Set every line of the listing down again, keeping it identical.
<<<<
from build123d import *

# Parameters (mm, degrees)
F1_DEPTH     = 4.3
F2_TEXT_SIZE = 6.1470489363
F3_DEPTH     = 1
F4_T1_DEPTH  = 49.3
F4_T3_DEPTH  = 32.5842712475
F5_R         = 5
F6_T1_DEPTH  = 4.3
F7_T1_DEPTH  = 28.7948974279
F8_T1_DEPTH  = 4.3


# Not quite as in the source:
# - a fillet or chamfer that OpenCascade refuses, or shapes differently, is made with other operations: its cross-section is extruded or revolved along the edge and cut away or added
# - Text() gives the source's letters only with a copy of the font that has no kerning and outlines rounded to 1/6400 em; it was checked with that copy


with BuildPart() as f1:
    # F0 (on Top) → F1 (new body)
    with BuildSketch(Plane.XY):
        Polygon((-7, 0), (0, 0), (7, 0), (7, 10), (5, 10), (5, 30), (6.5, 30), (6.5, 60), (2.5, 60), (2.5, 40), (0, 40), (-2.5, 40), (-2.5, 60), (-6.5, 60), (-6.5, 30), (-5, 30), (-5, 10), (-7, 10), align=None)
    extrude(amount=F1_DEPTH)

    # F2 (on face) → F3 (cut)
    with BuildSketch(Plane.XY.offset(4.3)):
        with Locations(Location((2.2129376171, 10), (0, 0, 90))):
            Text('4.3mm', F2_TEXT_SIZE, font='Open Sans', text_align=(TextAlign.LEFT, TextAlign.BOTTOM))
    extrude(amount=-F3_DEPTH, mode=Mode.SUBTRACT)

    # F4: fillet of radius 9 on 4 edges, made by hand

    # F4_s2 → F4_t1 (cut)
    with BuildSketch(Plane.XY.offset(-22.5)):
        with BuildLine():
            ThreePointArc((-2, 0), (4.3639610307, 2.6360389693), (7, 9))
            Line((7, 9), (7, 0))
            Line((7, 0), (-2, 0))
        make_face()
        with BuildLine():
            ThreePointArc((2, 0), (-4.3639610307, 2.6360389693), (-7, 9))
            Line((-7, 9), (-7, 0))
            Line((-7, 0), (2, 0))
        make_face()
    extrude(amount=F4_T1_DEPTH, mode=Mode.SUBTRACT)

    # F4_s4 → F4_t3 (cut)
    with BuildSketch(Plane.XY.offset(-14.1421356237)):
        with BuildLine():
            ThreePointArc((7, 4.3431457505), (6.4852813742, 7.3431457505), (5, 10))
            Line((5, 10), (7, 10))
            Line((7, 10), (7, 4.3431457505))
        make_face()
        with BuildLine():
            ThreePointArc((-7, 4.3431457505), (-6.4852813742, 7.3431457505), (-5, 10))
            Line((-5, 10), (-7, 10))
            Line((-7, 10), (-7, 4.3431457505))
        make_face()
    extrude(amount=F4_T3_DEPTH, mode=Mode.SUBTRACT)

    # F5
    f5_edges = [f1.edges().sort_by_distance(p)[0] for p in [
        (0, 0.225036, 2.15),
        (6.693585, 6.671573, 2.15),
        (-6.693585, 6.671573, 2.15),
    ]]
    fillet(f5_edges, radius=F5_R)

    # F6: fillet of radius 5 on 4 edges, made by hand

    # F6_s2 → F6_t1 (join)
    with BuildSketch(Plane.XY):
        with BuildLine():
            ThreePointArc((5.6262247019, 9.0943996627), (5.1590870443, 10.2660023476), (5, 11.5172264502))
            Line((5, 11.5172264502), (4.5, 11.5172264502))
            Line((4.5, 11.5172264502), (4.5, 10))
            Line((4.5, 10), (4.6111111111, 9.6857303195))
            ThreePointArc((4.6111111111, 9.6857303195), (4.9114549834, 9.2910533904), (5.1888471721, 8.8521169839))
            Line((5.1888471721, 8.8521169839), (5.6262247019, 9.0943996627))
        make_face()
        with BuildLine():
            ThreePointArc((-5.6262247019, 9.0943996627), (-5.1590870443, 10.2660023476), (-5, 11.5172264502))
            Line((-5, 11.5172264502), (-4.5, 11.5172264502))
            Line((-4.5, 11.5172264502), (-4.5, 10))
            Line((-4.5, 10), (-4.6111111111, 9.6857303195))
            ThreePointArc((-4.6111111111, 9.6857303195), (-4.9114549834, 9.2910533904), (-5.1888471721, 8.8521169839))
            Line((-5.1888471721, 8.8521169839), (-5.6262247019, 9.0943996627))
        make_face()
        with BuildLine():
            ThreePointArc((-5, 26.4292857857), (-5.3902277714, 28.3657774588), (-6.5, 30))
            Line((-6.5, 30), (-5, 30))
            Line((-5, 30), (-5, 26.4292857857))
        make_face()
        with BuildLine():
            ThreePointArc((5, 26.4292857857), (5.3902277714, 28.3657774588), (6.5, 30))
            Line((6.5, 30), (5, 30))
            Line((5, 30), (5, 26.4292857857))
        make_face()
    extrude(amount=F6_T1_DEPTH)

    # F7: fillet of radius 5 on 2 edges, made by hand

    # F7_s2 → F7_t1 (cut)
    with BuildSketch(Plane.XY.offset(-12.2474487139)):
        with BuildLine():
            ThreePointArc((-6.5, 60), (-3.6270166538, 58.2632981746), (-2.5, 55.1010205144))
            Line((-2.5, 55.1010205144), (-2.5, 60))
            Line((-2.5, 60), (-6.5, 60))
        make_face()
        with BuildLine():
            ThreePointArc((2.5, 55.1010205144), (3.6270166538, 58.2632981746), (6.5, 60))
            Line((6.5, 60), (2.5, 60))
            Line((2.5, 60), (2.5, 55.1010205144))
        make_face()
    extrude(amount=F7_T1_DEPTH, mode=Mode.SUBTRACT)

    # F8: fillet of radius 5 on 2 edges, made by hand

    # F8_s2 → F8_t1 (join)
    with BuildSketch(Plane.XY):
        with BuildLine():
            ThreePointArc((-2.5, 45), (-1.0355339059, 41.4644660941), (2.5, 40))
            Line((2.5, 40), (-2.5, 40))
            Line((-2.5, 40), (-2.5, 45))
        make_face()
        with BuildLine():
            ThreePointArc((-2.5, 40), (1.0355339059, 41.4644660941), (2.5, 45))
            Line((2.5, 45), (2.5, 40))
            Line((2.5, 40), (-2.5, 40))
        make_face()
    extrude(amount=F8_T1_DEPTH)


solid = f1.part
>>>>
== Written solution ==
from build123d import *

# Parameters (mm, degrees)
F1_DEPTH     = 4.3
F2_TEXT_SIZE = 6.1470489363
F3_DEPTH     = 1
F4_T1_DEPTH  = 49.3
F4_T3_DEPTH  = 32.5842712475
F5_R         = 5
F6_T1_DEPTH  = 4.3
F7_T1_DEPTH  = 28.7948974279
F8_T1_DEPTH  = 4.3


# Not quite as in the source:
# - a fillet or chamfer that OpenCascade refuses, or shapes differently, is made with other operations: its cross-section is extruded or revolved along the edge and cut away or added
# - Text() gives the source's letters only with a copy of the font that has no kerning and outlines rounded to 1/6400 em; it was checked with that copy


with BuildPart() as f1:
    # F0 (on Top) → F1 (new body)
    with BuildSketch(Plane.XY):
        Polygon((-7, 0), (0, 0), (7, 0), (7, 10), (5, 10), (5, 30), (6.5, 30), (6.5, 60), (2.5, 60), (2.5, 40), (0, 40), (-2.5, 40), (-2.5, 60), (-6.5, 60), (-6.5, 30), (-5, 30), (-5, 10), (-7, 10), align=None)
    extrude(amount=F1_DEPTH)

    # F2 (on face) → F3 (cut)
    with BuildSketch(Plane.XY.offset(4.3)):
        with Locations(Location((2.2129376171, 10), (0, 0, 90))):
            Text('4.3mm', F2_TEXT_SIZE, font='Open Sans', text_align=(TextAlign.LEFT, TextAlign.BOTTOM))
    extrude(amount=-F3_DEPTH, mode=Mode.SUBTRACT)

    # F4: fillet of radius 9 on 4 edges, made by hand

    # F4_s2 → F4_t1 (cut)
    with BuildSketch(Plane.XY.offset(-22.5)):
        with BuildLine():
            ThreePointArc((-2, 0), (4.3639610307, 2.6360389693), (7, 9))
            Line((7, 9), (7, 0))
            Line((7, 0), (-2, 0))
        make_face()
        with BuildLine():
            ThreePointArc((2, 0), (-4.3639610307, 2.6360389693), (-7, 9))
            Line((-7, 9), (-7, 0))
            Line((-7, 0), (2, 0))
        make_face()
    extrude(amount=F4_T1_DEPTH, mode=Mode.SUBTRACT)

    # F4_s4 → F4_t3 (cut)
    with BuildSketch(Plane.XY.offset(-14.1421356237)):
        with BuildLine():
            ThreePointArc((7, 4.3431457505), (6.4852813742, 7.3431457505), (5, 10))
            Line((5, 10), (7, 10))
            Line((7, 10), (7, 4.3431457505))
        make_face()
        with BuildLine():
            ThreePointArc((-7, 4.3431457505), (-6.4852813742, 7.3431457505), (-5, 10))
            Line((-5, 10), (-7, 10))
            Line((-7, 10), (-7, 4.3431457505))
        make_face()
    extrude(amount=F4_T3_DEPTH, mode=Mode.SUBTRACT)

    # F5
    f5_edges = [f1.edges().sort_by_distance(p)[0] for p in [
        (0, 0.225036, 2.15),
        (6.693585, 6.671573, 2.15),
        (-6.693585, 6.671573, 2.15),
    ]]
    fillet(f5_edges, radius=F5_R)

    # F6: fillet of radius 5 on 4 edges, made by hand

    # F6_s2 → F6_t1 (join)
    with BuildSketch(Plane.XY):
        with BuildLine():
            ThreePointArc((5.6262247019, 9.0943996627), (5.1590870443, 10.2660023476), (5, 11.5172264502))
            Line((5, 11.5172264502), (4.5, 11.5172264502))
            Line((4.5, 11.5172264502), (4.5, 10))
            Line((4.5, 10), (4.6111111111, 9.6857303195))
            ThreePointArc((4.6111111111, 9.6857303195), (4.9114549834, 9.2910533904), (5.1888471721, 8.8521169839))
            Line((5.1888471721, 8.8521169839), (5.6262247019, 9.0943996627))
        make_face()
        with BuildLine():
            ThreePointArc((-5.6262247019, 9.0943996627), (-5.1590870443, 10.2660023476), (-5, 11.5172264502))
            Line((-5, 11.5172264502), (-4.5, 11.5172264502))
            Line((-4.5, 11.5172264502), (-4.5, 10))
            Line((-4.5, 10), (-4.6111111111, 9.6857303195))
            ThreePointArc((-4.6111111111, 9.6857303195), (-4.9114549834, 9.2910533904), (-5.1888471721, 8.8521169839))
            Line((-5.1888471721, 8.8521169839), (-5.6262247019, 9.0943996627))
        make_face()
        with BuildLine():
            ThreePointArc((-5, 26.4292857857), (-5.3902277714, 28.3657774588), (-6.5, 30))
            Line((-6.5, 30), (-5, 30))
            Line((-5, 30), (-5, 26.4292857857))
        make_face()
        with BuildLine():
            ThreePointArc((5, 26.4292857857), (5.3902277714, 28.3657774588), (6.5, 30))
            Line((6.5, 30), (5, 30))
            Line((5, 30), (5, 26.4292857857))
        make_face()
    extrude(amount=F6_T1_DEPTH)

    # F7: fillet of radius 5 on 2 edges, made by hand

    # F7_s2 → F7_t1 (cut)
    with BuildSketch(Plane.XY.offset(-12.2474487139)):
        with BuildLine():
            ThreePointArc((-6.5, 60), (-3.6270166538, 58.2632981746), (-2.5, 55.1010205144))
            Line((-2.5, 55.1010205144), (-2.5, 60))
            Line((-2.5, 60), (-6.5, 60))
        make_face()
        with BuildLine():
            ThreePointArc((2.5, 55.1010205144), (3.6270166538, 58.2632981746), (6.5, 60))
            Line((6.5, 60), (2.5, 60))
            Line((2.5, 60), (2.5, 55.1010205144))
        make_face()
    extrude(amount=F7_T1_DEPTH, mode=Mode.SUBTRACT)

    # F8: fillet of radius 5 on 2 edges, made by hand

    # F8_s2 → F8_t1 (join)
    with BuildSketch(Plane.XY):
        with BuildLine():
            ThreePointArc((-2.5, 45), (-1.0355339059, 41.4644660941), (2.5, 40))
            Line((2.5, 40), (-2.5, 40))
            Line((-2.5, 40), (-2.5, 45))
        make_face()
        with BuildLine():
            ThreePointArc((-2.5, 40), (1.0355339059, 41.4644660941), (2.5, 45))
            Line((2.5, 45), (2.5, 40))
            Line((2.5, 40), (-2.5, 40))
        make_face()
    extrude(amount=F8_T1_DEPTH)


solid = f1.part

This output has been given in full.